Talk about the best of both worlds! Miley pouts, but her fans ache with jealousy. Sequins and ponies! They'd kill their little brothers for just one of her lives. But Miley, forcibly incognito in this humble backwoods town, seems to have a pathological need for discovery. In ten minutes, she's telling the handsome farmhand (Lucas Till) she's BFFs with Hannah Montana. She and her family discuss The Secret whenever crowded by strangers: in a hallway, at a Sweet Sixteen, on Main Street. She chats up the British tabloid reporter (Peter Gunn) out to dig up dirt on the pop star, and when the town needs rescuing to save their meadow from being built over by a big city mall, three guesses which blonde celebrity rushes to the rescue. It's as though Clark Kent zoomed around the office of the Daily Planet with his arms outstretched.

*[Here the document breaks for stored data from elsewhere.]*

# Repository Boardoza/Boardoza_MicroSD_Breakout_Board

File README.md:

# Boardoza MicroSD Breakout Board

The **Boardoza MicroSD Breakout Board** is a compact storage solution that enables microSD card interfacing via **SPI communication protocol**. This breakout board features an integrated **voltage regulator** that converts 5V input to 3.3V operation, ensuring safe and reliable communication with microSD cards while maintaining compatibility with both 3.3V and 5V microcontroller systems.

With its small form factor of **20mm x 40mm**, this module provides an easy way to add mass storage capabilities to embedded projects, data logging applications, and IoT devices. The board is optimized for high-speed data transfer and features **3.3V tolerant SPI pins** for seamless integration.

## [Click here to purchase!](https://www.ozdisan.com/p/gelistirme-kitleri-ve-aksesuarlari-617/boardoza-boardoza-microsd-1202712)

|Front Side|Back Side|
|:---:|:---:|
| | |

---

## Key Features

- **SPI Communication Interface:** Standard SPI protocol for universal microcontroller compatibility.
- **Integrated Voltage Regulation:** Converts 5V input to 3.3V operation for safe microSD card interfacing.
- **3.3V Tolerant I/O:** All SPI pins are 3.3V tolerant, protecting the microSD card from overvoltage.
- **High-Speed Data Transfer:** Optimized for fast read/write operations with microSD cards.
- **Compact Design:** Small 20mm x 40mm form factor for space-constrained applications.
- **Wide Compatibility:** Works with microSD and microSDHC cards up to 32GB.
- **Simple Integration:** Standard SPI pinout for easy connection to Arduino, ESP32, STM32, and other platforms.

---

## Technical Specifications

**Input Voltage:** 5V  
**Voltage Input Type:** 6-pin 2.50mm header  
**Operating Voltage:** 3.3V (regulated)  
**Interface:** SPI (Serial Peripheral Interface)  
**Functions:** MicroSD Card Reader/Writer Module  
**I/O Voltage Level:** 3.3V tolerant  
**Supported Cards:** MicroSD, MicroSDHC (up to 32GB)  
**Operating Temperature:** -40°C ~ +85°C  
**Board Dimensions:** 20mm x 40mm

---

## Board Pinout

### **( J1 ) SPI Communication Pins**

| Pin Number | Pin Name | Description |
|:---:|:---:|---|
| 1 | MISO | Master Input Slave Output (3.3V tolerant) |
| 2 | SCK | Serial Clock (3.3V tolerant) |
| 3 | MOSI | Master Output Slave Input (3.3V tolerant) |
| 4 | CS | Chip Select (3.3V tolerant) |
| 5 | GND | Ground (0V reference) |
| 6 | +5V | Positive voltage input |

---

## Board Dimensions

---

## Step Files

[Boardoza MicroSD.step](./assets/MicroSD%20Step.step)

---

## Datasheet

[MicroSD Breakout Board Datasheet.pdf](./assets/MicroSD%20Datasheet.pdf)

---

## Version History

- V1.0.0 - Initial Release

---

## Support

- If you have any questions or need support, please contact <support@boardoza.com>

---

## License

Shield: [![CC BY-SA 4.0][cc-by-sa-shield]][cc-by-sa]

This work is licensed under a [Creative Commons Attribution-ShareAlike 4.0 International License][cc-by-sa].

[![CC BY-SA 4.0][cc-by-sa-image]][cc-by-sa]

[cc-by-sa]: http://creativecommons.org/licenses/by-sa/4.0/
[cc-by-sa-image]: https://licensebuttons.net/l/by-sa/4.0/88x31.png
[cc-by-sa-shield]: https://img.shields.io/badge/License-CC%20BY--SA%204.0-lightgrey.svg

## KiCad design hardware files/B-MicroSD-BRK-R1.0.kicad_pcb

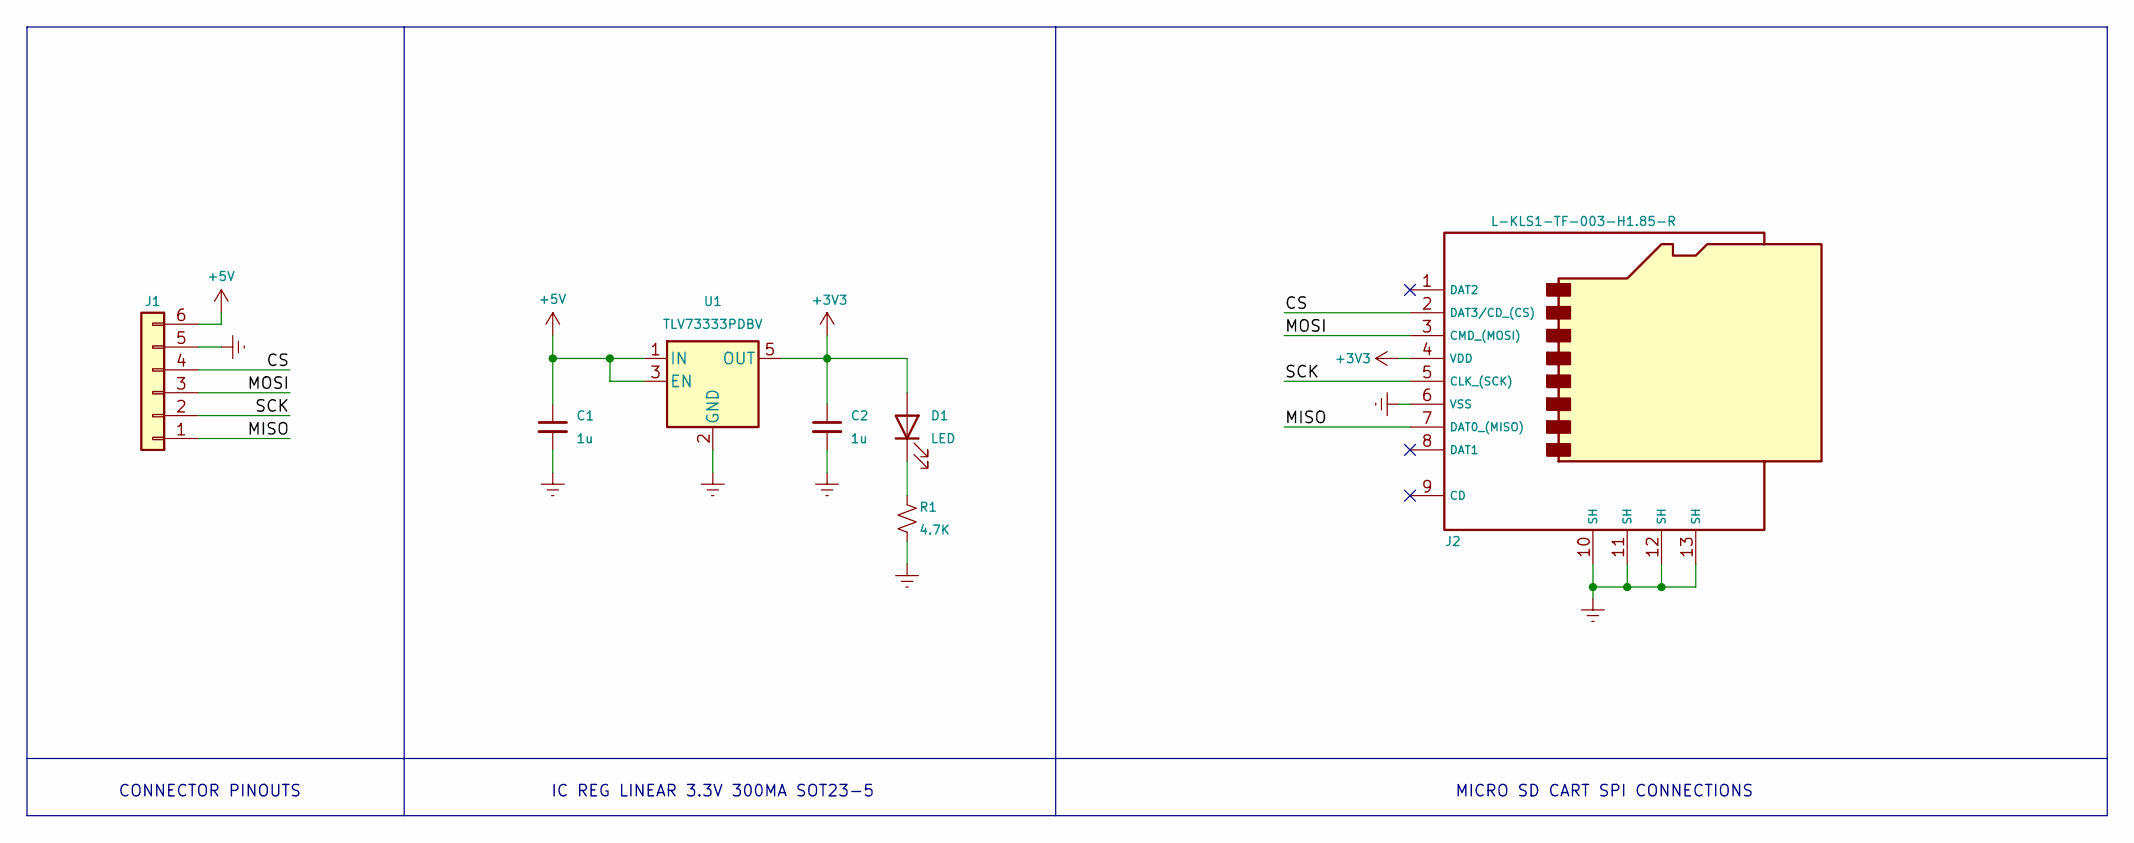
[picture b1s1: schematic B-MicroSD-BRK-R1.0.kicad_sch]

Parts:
C1, C2: 1u; C_0603_1608Metric; MPN CL10B105KA8NNNC
D1: LED; LED_0603_1608Metric; MPN LTST-C190KRKT
J1: Conn_01x06; 2317-06S_1x06_P2.50mm_Vertical; MPN 2317-06S
J2: L-KLS1-TF-003-H1.85-R; MPN L-KLS1-TF-003-H1.85-R
R1: 4.7K; R_0603_1608Metric; MPN 0603SAJ0472T5E
U1: TLV73333PDBV; SOT-23-5; MPN TLV73333PDBVR

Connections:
+3V3: C2.1, D1.2 (A), J2.4 (VDD), U1.5 (OUT)
+5V: C1.1, J1.6, U1.1 (IN), U1.3 (EN)
/CS: J1.4, J2.2 (DAT3/CD_(CS))
/MISO: J1.1, J2.7 (DAT0_(MISO))
/MOSI: J1.3, J2.3 (CMD_(MOSI))
/SCK: J1.2, J2.5 (CLK_(SCK))
Earth: C1.2, C2.2, J1.5, J2.6 (VSS), J2.10 (SH), J2.11 (SH), J2.12 (SH), J2.13 (SH), R1.2, U1.2 (GND)
unnamed: D1.1 (K), R1.1

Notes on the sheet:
CONNECTOR PINOUTS
IC REG LINEAR 3.3V 300MA SOT23-5
MICRO SD CART SPI CONNECTIONS

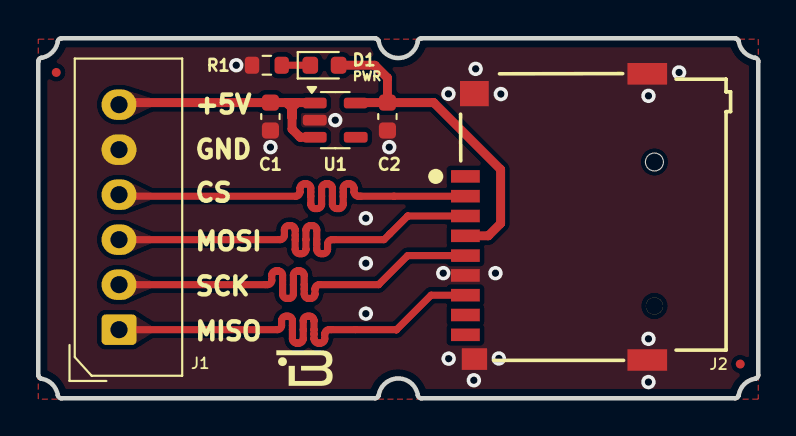
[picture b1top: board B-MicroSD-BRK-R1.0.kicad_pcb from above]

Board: 2 copper layers, 40.0 x 20.0 mm, 7 parts (0 on the bottom side), 8 nets.

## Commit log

2025-11-17 Add MicroSD example
2026-04-29 Fix folder structure

If you are twelve and have any intention of seeing this movie, stop reading now.
The climax of this film (shot and written by Peter Chelsom and Daniel Berendsen—their work so perfunctory it hasn't merited mention) is that after years of sellout stadiums and number one hits, after three seasons of the Hannah Montana show, Miley cracks under pressure. Standing on stage at her hometown's wee theme park, Hannah Montana puts down the mic, takes off her wig, and confesses, "I can't do this—not here." In my favorite moment in the movie, said mic—a spangled, rhinestoned wonder—is immediately taken away by an unsmiling roadie and replaced by—gasp—the plain black mic stand of mortals. Miley apologizes for being human. She plays a farewell song. The crowd likes it well enough. And then they cheer...for Hannah. Does the newly liberated Miley put the wig on? Does she get her princess mic back? Does this have a truly happy ending?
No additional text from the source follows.